Cloud computing
Hugh Shanahan,Department of Computer Science,Royal Holloway,University of London CCC 2011,
Huazhong Agricultural University, Wuhan
20 Sep 2011
The amount of Biological data is exploding
• The raw data for a human genome corresponds to 100’s of Gbytes.
• Cost of human genome has fallen from $100 M to ~ $3000 (July 2011)
• Main bottleneck is now reconstructing genome from the data generated.
• Much of the original Dogma is now seen as a simplification
• RNA now seen to play a fundamental role
• miRNA
• How DNA is stored is also crucial
Greater exploration
• 1000’s of genomes being scanned
• Different species
• Cancer genomics
• Methylome
• RNA-seq
• Have not got time to talk about metabolomics/proteomics ...
Caveat to sequence data
• There are many different companies building equipment to perform sequencing.
• They all have their own biases and sources of systematic error.
• The data generated is discrete in nature which tends to make people think it’s accurate.
• It could be as susceptible to systematic biases as microarrays are.
• Interpretation and analysis is the real bottleneck.
The era of Big Data
• Biological data - Petabytes now, expected to be Exabyte (millions of Terabyte) by 2020.
• High Energy Physics - Large Hadron Collider producing Pbytes of data per year
• Square Kilometre Array (full operation 2024) - one Exabyte a day
• Haven’t even mentioned Google or Bing yet....
Problems - Solutions - Cloud Computing ?
• Data sets this size cannot be moved about on the Internet.
• Data must be analysed, not just retrieved.

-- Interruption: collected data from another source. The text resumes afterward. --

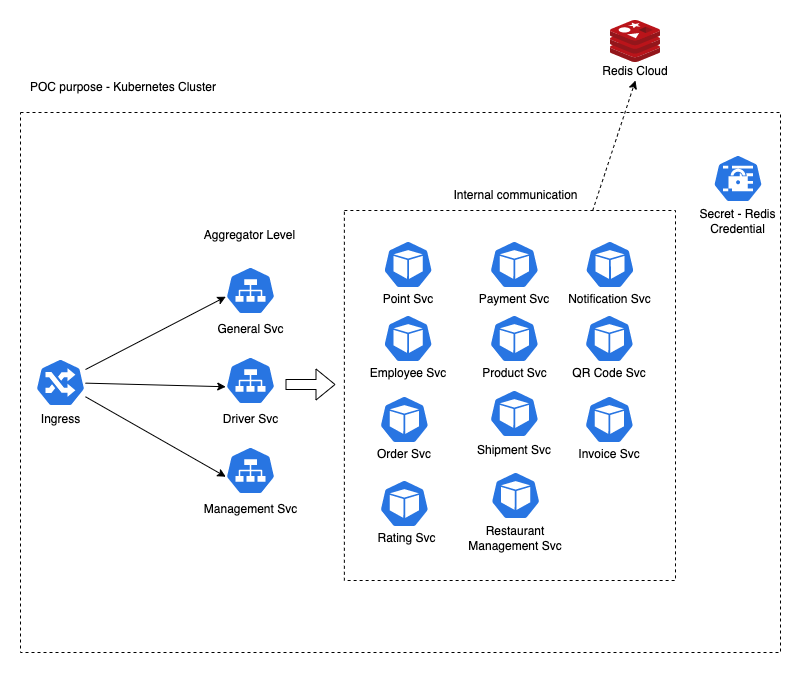

The diagram above was exported from draw.io. Its source (the exported page's mxGraphModel, read from the mxfile embedded in the PNG):
<mxGraphModel dx="1678" dy="942" grid="1" gridSize="10" guides="1" tooltips="1" connect="1" arrows="1" fold="1" page="1" pageScale="1" pageWidth="827" pageHeight="1169" math="0" shadow="0">
  <root>
    <mxCell id="0" />
    <mxCell id="1" parent="0" />
    <mxCell id="3X7xQ8M8p340vgzeHW8s-7" value="" style="rounded=0;whiteSpace=wrap;html=1;fillColor=none;dashed=1;strokeWidth=1;" vertex="1" parent="1">
      <mxGeometry x="33" y="242" width="760" height="540" as="geometry" />
    </mxCell>
    <mxCell id="3X7xQ8M8p340vgzeHW8s-1" value="" style="sketch=0;aspect=fixed;html=1;points=[];align=center;image;fontSize=12;image=img/lib/mscae/Cache_Redis_Product.svg;" vertex="1" parent="1">
      <mxGeometry x="623" y="150" width="50" height="42" as="geometry" />
    </mxCell>
    <mxCell id="3X7xQ8M8p340vgzeHW8s-2" value="Redis Cloud" style="text;html=1;strokeColor=none;fillColor=none;align=center;verticalAlign=middle;whiteSpace=wrap;rounded=0;" vertex="1" parent="1">
      <mxGeometry x="608" y="192" width="80" height="18" as="geometry" />
    </mxCell>
    <mxCell id="3X7xQ8M8p340vgzeHW8s-8" value="POC purpose - Kubernetes Cluster" style="text;html=1;strokeColor=none;fillColor=none;align=center;verticalAlign=middle;whiteSpace=wrap;rounded=0;dashed=1;" vertex="1" parent="1">
      <mxGeometry x="33" y="202" width="206" height="30" as="geometry" />
    </mxCell>
    <mxCell id="3X7xQ8M8p340vgzeHW8s-9" value="" style="sketch=0;html=1;dashed=0;whitespace=wrap;fillColor=#2875E2;strokeColor=#ffffff;points=[[0.005,0.63,0],[0.1,0.2,0],[0.9,0.2,0],[0.5,0,0],[0.995,0.63,0],[0.72,0.99,0],[0.5,1,0],[0.28,0.99,0]];shape=mxgraph.kubernetes.icon;prIcon=secret" vertex="1" parent="1">
      <mxGeometry x="725.5" y="284" width="50" height="48" as="geometry" />
    </mxCell>
    <mxCell id="3X7xQ8M8p340vgzeHW8s-10" value="Secret - Redis Credential" style="text;html=1;strokeColor=none;fillColor=none;align=center;verticalAlign=middle;whiteSpace=wrap;rounded=0;dashed=1;" vertex="1" parent="1">
      <mxGeometry x="708" y="336" width="85" height="30" as="geometry" />
    </mxCell>
    <mxCell id="3X7xQ8M8p340vgzeHW8s-11" value="" style="sketch=0;html=1;dashed=0;whitespace=wrap;fillColor=#2875E2;strokeColor=#ffffff;points=[[0.005,0.63,0],[0.1,0.2,0],[0.9,0.2,0],[0.5,0,0],[0.995,0.63,0],[0.72,0.99,0],[0.5,1,0],[0.28,0.99,0]];shape=mxgraph.kubernetes.icon;prIcon=svc" vertex="1" parent="1">
      <mxGeometry x="238" y="396" width="50" height="48" as="geometry" />
    </mxCell>
    <mxCell id="3X7xQ8M8p340vgzeHW8s-12" value="" style="sketch=0;html=1;dashed=0;whitespace=wrap;fillColor=#2875E2;strokeColor=#ffffff;points=[[0.005,0.63,0],[0.1,0.2,0],[0.9,0.2,0],[0.5,0,0],[0.995,0.63,0],[0.72,0.99,0],[0.5,1,0],[0.28,0.99,0]];shape=mxgraph.kubernetes.icon;prIcon=pod" vertex="1" parent="1">
      <mxGeometry x="395.62" y="444" width="50" height="48" as="geometry" />
    </mxCell>
    <mxCell id="3X7xQ8M8p340vgzeHW8s-26" style="edgeStyle=none;rounded=0;orthogonalLoop=1;jettySize=auto;html=1;entryX=0.005;entryY=0.63;entryDx=0;entryDy=0;entryPerimeter=0;" edge="1" parent="1" source="3X7xQ8M8p340vgzeHW8s-13" target="3X7xQ8M8p340vgzeHW8s-11">
      <mxGeometry relative="1" as="geometry" />
    </mxCell>
    <mxCell id="3X7xQ8M8p340vgzeHW8s-27" style="edgeStyle=none;rounded=0;orthogonalLoop=1;jettySize=auto;html=1;entryX=0.005;entryY=0.63;entryDx=0;entryDy=0;entryPerimeter=0;" edge="1" parent="1" source="3X7xQ8M8p340vgzeHW8s-13" target="3X7xQ8M8p340vgzeHW8s-21">
      <mxGeometry relative="1" as="geometry" />
    </mxCell>
    <mxCell id="3X7xQ8M8p340vgzeHW8s-28" style="edgeStyle=none;rounded=0;orthogonalLoop=1;jettySize=auto;html=1;entryX=0.005;entryY=0.63;entryDx=0;entryDy=0;entryPerimeter=0;" edge="1" parent="1" source="3X7xQ8M8p340vgzeHW8s-13" target="3X7xQ8M8p340vgzeHW8s-23">
      <mxGeometry relative="1" as="geometry" />
    </mxCell>
    <mxCell id="3X7xQ8M8p340vgzeHW8s-13" value="" style="sketch=0;html=1;dashed=0;whitespace=wrap;fillColor=#2875E2;strokeColor=#ffffff;points=[[0.005,0.63,0],[0.1,0.2,0],[0.9,0.2,0],[0.5,0,0],[0.995,0.63,0],[0.72,0.99,0],[0.5,1,0],[0.28,0.99,0]];shape=mxgraph.kubernetes.icon;prIcon=ing" vertex="1" parent="1">
      <mxGeometry x="48" y="488" width="50" height="48" as="geometry" />
    </mxCell>
    <mxCell id="3X7xQ8M8p340vgzeHW8s-14" value="Ingress" style="text;html=1;strokeColor=none;fillColor=none;align=center;verticalAlign=middle;whiteSpace=wrap;rounded=0;dashed=1;" vertex="1" parent="1">
      <mxGeometry x="40.5" y="539" width="65" height="20" as="geometry" />
    </mxCell>
    <mxCell id="3X7xQ8M8p340vgzeHW8s-17" value="Employee Svc" style="text;html=1;strokeColor=none;fillColor=none;align=center;verticalAlign=middle;whiteSpace=wrap;rounded=0;dashed=1;" vertex="1" parent="1">
      <mxGeometry x="380.62" y="492" width="80" height="22" as="geometry" />
    </mxCell>
    <mxCell id="3X7xQ8M8p340vgzeHW8s-20" value="General Svc" style="text;html=1;strokeColor=none;fillColor=none;align=center;verticalAlign=middle;whiteSpace=wrap;rounded=0;dashed=1;" vertex="1" parent="1">
      <mxGeometry x="210.5" y="444" width="105" height="30" as="geometry" />
    </mxCell>
    <mxCell id="3X7xQ8M8p340vgzeHW8s-21" value="" style="sketch=0;html=1;dashed=0;whitespace=wrap;fillColor=#2875E2;strokeColor=#ffffff;points=[[0.005,0.63,0],[0.1,0.2,0],[0.9,0.2,0],[0.5,0,0],[0.995,0.63,0],[0.72,0.99,0],[0.5,1,0],[0.28,0.99,0]];shape=mxgraph.kubernetes.icon;prIcon=svc" vertex="1" parent="1">
      <mxGeometry x="238" y="486" width="50" height="48" as="geometry" />
    </mxCell>
    <mxCell id="3X7xQ8M8p340vgzeHW8s-22" value="Driver Svc" style="text;html=1;strokeColor=none;fillColor=none;align=center;verticalAlign=middle;whiteSpace=wrap;rounded=0;dashed=1;" vertex="1" parent="1">
      <mxGeometry x="210.5" y="534" width="105" height="30" as="geometry" />
    </mxCell>
    <mxCell id="3X7xQ8M8p340vgzeHW8s-23" value="" style="sketch=0;html=1;dashed=0;whitespace=wrap;fillColor=#2875E2;strokeColor=#ffffff;points=[[0.005,0.63,0],[0.1,0.2,0],[0.9,0.2,0],[0.5,0,0],[0.995,0.63,0],[0.72,0.99,0],[0.5,1,0],[0.28,0.99,0]];shape=mxgraph.kubernetes.icon;prIcon=svc" vertex="1" parent="1">
      <mxGeometry x="238" y="576" width="50" height="48" as="geometry" />
    </mxCell>
    <mxCell id="3X7xQ8M8p340vgzeHW8s-24" value="Management Svc" style="text;html=1;strokeColor=none;fillColor=none;align=center;verticalAlign=middle;whiteSpace=wrap;rounded=0;dashed=1;" vertex="1" parent="1">
      <mxGeometry x="210.5" y="624" width="105" height="30" as="geometry" />
    </mxCell>
    <mxCell id="3X7xQ8M8p340vgzeHW8s-29" value="" style="sketch=0;html=1;dashed=0;whitespace=wrap;fillColor=#2875E2;strokeColor=#ffffff;points=[[0.005,0.63,0],[0.1,0.2,0],[0.9,0.2,0],[0.5,0,0],[0.995,0.63,0],[0.72,0.99,0],[0.5,1,0],[0.28,0.99,0]];shape=mxgraph.kubernetes.icon;prIcon=pod" vertex="1" parent="1">
      <mxGeometry x="395.62" y="370" width="50" height="48" as="geometry" />
    </mxCell>
    <mxCell id="3X7xQ8M8p340vgzeHW8s-30" value="Point Svc" style="text;html=1;strokeColor=none;fillColor=none;align=center;verticalAlign=middle;whiteSpace=wrap;rounded=0;dashed=1;" vertex="1" parent="1">
      <mxGeometry x="391.87" y="418" width="57.5" height="22" as="geometry" />
    </mxCell>
    <mxCell id="3X7xQ8M8p340vgzeHW8s-31" value="" style="sketch=0;html=1;dashed=0;whitespace=wrap;fillColor=#2875E2;strokeColor=#ffffff;points=[[0.005,0.63,0],[0.1,0.2,0],[0.9,0.2,0],[0.5,0,0],[0.995,0.63,0],[0.72,0.99,0],[0.5,1,0],[0.28,0.99,0]];shape=mxgraph.kubernetes.icon;prIcon=pod" vertex="1" parent="1">
      <mxGeometry x="391.87" y="525" width="50" height="48" as="geometry" />
    </mxCell>
    <mxCell id="3X7xQ8M8p340vgzeHW8s-32" value="Order Svc" style="text;html=1;strokeColor=none;fillColor=none;align=center;verticalAlign=middle;whiteSpace=wrap;rounded=0;dashed=1;" vertex="1" parent="1">
      <mxGeometry x="388.12" y="573" width="57.5" height="22" as="geometry" />
    </mxCell>
    <mxCell id="3X7xQ8M8p340vgzeHW8s-33" value="" style="sketch=0;html=1;dashed=0;whitespace=wrap;fillColor=#2875E2;strokeColor=#ffffff;points=[[0.005,0.63,0],[0.1,0.2,0],[0.9,0.2,0],[0.5,0,0],[0.995,0.63,0],[0.72,0.99,0],[0.5,1,0],[0.28,0.99,0]];shape=mxgraph.kubernetes.icon;prIcon=pod" vertex="1" parent="1">
      <mxGeometry x="391.87" y="609" width="50" height="48" as="geometry" />
    </mxCell>
    <mxCell id="3X7xQ8M8p340vgzeHW8s-34" value="Rating Svc" style="text;html=1;strokeColor=none;fillColor=none;align=center;verticalAlign=middle;whiteSpace=wrap;rounded=0;dashed=1;" vertex="1" parent="1">
      <mxGeometry x="388.12" y="657" width="62.5" height="22" as="geometry" />
    </mxCell>
    <mxCell id="3X7xQ8M8p340vgzeHW8s-35" value="" style="sketch=0;html=1;dashed=0;whitespace=wrap;fillColor=#2875E2;strokeColor=#ffffff;points=[[0.005,0.63,0],[0.1,0.2,0],[0.9,0.2,0],[0.5,0,0],[0.995,0.63,0],[0.72,0.99,0],[0.5,1,0],[0.28,0.99,0]];shape=mxgraph.kubernetes.icon;prIcon=pod" vertex="1" parent="1">
      <mxGeometry x="503.12" y="601" width="50" height="48" as="geometry" />
    </mxCell>
    <mxCell id="3X7xQ8M8p340vgzeHW8s-36" value="Restaurant Management Svc" style="text;html=1;strokeColor=none;fillColor=none;align=center;verticalAlign=middle;whiteSpace=wrap;rounded=0;dashed=1;" vertex="1" parent="1">
      <mxGeometry x="478.12" y="657" width="100" height="22" as="geometry" />
    </mxCell>
    <mxCell id="3X7xQ8M8p340vgzeHW8s-39" value="" style="sketch=0;html=1;dashed=0;whitespace=wrap;fillColor=#2875E2;strokeColor=#ffffff;points=[[0.005,0.63,0],[0.1,0.2,0],[0.9,0.2,0],[0.5,0,0],[0.995,0.63,0],[0.72,0.99,0],[0.5,1,0],[0.28,0.99,0]];shape=mxgraph.kubernetes.icon;prIcon=pod" vertex="1" parent="1">
      <mxGeometry x="501.87" y="519" width="50" height="48" as="geometry" />
    </mxCell>
    <mxCell id="3X7xQ8M8p340vgzeHW8s-40" value="Shipment Svc" style="text;html=1;strokeColor=none;fillColor=none;align=center;verticalAlign=middle;whiteSpace=wrap;rounded=0;dashed=1;" vertex="1" parent="1">
      <mxGeometry x="486.87" y="569" width="80" height="22" as="geometry" />
    </mxCell>
    <mxCell id="3X7xQ8M8p340vgzeHW8s-41" value="" style="sketch=0;html=1;dashed=0;whitespace=wrap;fillColor=#2875E2;strokeColor=#ffffff;points=[[0.005,0.63,0],[0.1,0.2,0],[0.9,0.2,0],[0.5,0,0],[0.995,0.63,0],[0.72,0.99,0],[0.5,1,0],[0.28,0.99,0]];shape=mxgraph.kubernetes.icon;prIcon=pod" vertex="1" parent="1">
      <mxGeometry x="596.87" y="525" width="50" height="48" as="geometry" />
    </mxCell>
    <mxCell id="3X7xQ8M8p340vgzeHW8s-42" value="Invoice Svc" style="text;html=1;strokeColor=none;fillColor=none;align=center;verticalAlign=middle;whiteSpace=wrap;rounded=0;dashed=1;" vertex="1" parent="1">
      <mxGeometry x="588.75" y="573" width="66.25" height="22" as="geometry" />
    </mxCell>
    <mxCell id="3X7xQ8M8p340vgzeHW8s-43" value="" style="sketch=0;html=1;dashed=0;whitespace=wrap;fillColor=#2875E2;strokeColor=#ffffff;points=[[0.005,0.63,0],[0.1,0.2,0],[0.9,0.2,0],[0.5,0,0],[0.995,0.63,0],[0.72,0.99,0],[0.5,1,0],[0.28,0.99,0]];shape=mxgraph.kubernetes.icon;prIcon=pod" vertex="1" parent="1">
      <mxGeometry x="501.87" y="370" width="50" height="48" as="geometry" />
    </mxCell>
    <mxCell id="3X7xQ8M8p340vgzeHW8s-44" value="Payment Svc" style="text;html=1;strokeColor=none;fillColor=none;align=center;verticalAlign=middle;whiteSpace=wrap;rounded=0;dashed=1;" vertex="1" parent="1">
      <mxGeometry x="486.87" y="418" width="80" height="22" as="geometry" />
    </mxCell>
    <mxCell id="3X7xQ8M8p340vgzeHW8s-45" value="" style="sketch=0;html=1;dashed=0;whitespace=wrap;fillColor=#2875E2;strokeColor=#ffffff;points=[[0.005,0.63,0],[0.1,0.2,0],[0.9,0.2,0],[0.5,0,0],[0.995,0.63,0],[0.72,0.99,0],[0.5,1,0],[0.28,0.99,0]];shape=mxgraph.kubernetes.icon;prIcon=pod" vertex="1" parent="1">
      <mxGeometry x="501.87" y="444" width="50" height="48" as="geometry" />
    </mxCell>
    <mxCell id="3X7xQ8M8p340vgzeHW8s-46" value="Product Svc" style="text;html=1;strokeColor=none;fillColor=none;align=center;verticalAlign=middle;whiteSpace=wrap;rounded=0;dashed=1;" vertex="1" parent="1">
      <mxGeometry x="490.62" y="492" width="72.5" height="22" as="geometry" />
    </mxCell>
    <mxCell id="3X7xQ8M8p340vgzeHW8s-47" value="" style="sketch=0;html=1;dashed=0;whitespace=wrap;fillColor=#2875E2;strokeColor=#ffffff;points=[[0.005,0.63,0],[0.1,0.2,0],[0.9,0.2,0],[0.5,0,0],[0.995,0.63,0],[0.72,0.99,0],[0.5,1,0],[0.28,0.99,0]];shape=mxgraph.kubernetes.icon;prIcon=pod" vertex="1" parent="1">
      <mxGeometry x="596.87" y="444" width="50" height="48" as="geometry" />
    </mxCell>
    <mxCell id="3X7xQ8M8p340vgzeHW8s-48" value="QR Code Svc" style="text;html=1;strokeColor=none;fillColor=none;align=center;verticalAlign=middle;whiteSpace=wrap;rounded=0;dashed=1;" vertex="1" parent="1">
      <mxGeometry x="577.44" y="495.5" width="90" height="15" as="geometry" />
    </mxCell>
    <mxCell id="3X7xQ8M8p340vgzeHW8s-49" value="" style="sketch=0;html=1;dashed=0;whitespace=wrap;fillColor=#2875E2;strokeColor=#ffffff;points=[[0.005,0.63,0],[0.1,0.2,0],[0.9,0.2,0],[0.5,0,0],[0.995,0.63,0],[0.72,0.99,0],[0.5,1,0],[0.28,0.99,0]];shape=mxgraph.kubernetes.icon;prIcon=pod" vertex="1" parent="1">
      <mxGeometry x="597.43" y="370" width="50" height="48" as="geometry" />
    </mxCell>
    <mxCell id="3X7xQ8M8p340vgzeHW8s-50" value="Notification Svc" style="text;html=1;strokeColor=none;fillColor=none;align=center;verticalAlign=middle;whiteSpace=wrap;rounded=0;dashed=1;" vertex="1" parent="1">
      <mxGeometry x="576.87" y="418" width="91.13" height="22" as="geometry" />
    </mxCell>
    <mxCell id="3X7xQ8M8p340vgzeHW8s-51" value="" style="rounded=0;whiteSpace=wrap;html=1;fillColor=none;dashed=1;strokeWidth=1;" vertex="1" parent="1">
      <mxGeometry x="356.87" y="340" width="331.13" height="370" as="geometry" />
    </mxCell>
    <mxCell id="3X7xQ8M8p340vgzeHW8s-52" value="Internal communication" style="text;html=1;strokeColor=none;fillColor=none;align=center;verticalAlign=middle;whiteSpace=wrap;rounded=0;dashed=1;" vertex="1" parent="1">
      <mxGeometry x="457.68" y="310" width="140.88" height="30" as="geometry" />
    </mxCell>
    <mxCell id="3X7xQ8M8p340vgzeHW8s-54" value="" style="shape=flexArrow;endArrow=classic;html=1;rounded=0;" edge="1" parent="1">
      <mxGeometry width="50" height="50" relative="1" as="geometry">
        <mxPoint x="298" y="514" as="sourcePoint" />
        <mxPoint x="348" y="514" as="targetPoint" />
      </mxGeometry>
    </mxCell>
    <mxCell id="3X7xQ8M8p340vgzeHW8s-55" value="Aggregator Level" style="text;html=1;strokeColor=none;fillColor=none;align=center;verticalAlign=middle;whiteSpace=wrap;rounded=0;dashed=1;" vertex="1" parent="1">
      <mxGeometry x="205.28" y="350" width="115.44" height="30" as="geometry" />
    </mxCell>
    <mxCell id="3X7xQ8M8p340vgzeHW8s-56" value="" style="endArrow=classic;html=1;rounded=0;exitX=0.75;exitY=0;exitDx=0;exitDy=0;entryX=0.5;entryY=1;entryDx=0;entryDy=0;dashed=1;" edge="1" parent="1" source="3X7xQ8M8p340vgzeHW8s-51" target="3X7xQ8M8p340vgzeHW8s-2">
      <mxGeometry width="50" height="50" relative="1" as="geometry">
        <mxPoint x="150" y="480" as="sourcePoint" />
        <mxPoint x="680" y="200" as="targetPoint" />
      </mxGeometry>
    </mxCell>
  </root>
</mxGraphModel>

• Many people want access to this data, many of whom are
• not computational scientists
• may not have financial resources to buy powerful computers
• may want access to best software, best practices etc.
• data to be updated in a timely fashion
Solutions - Cloud Computing ?
• Cloud computing may be the solution.
• Data centre for cloud co-located with data generation.
• Processing as well as data retrieval done at data generation centre.
Cloud Computing Definition - “If it looks like a duck”
• Features of cloud computing are
• Computing is mostly done at a data centre provided by a vendor
• Client-side computing is minimal
• Servers at data centre make heavy use of virtualisation (as oppose to Grids)
• Client can select number of instances of VM and data usage
• Client pays on a per-use basis - “Somebody’s Credit Card is being used”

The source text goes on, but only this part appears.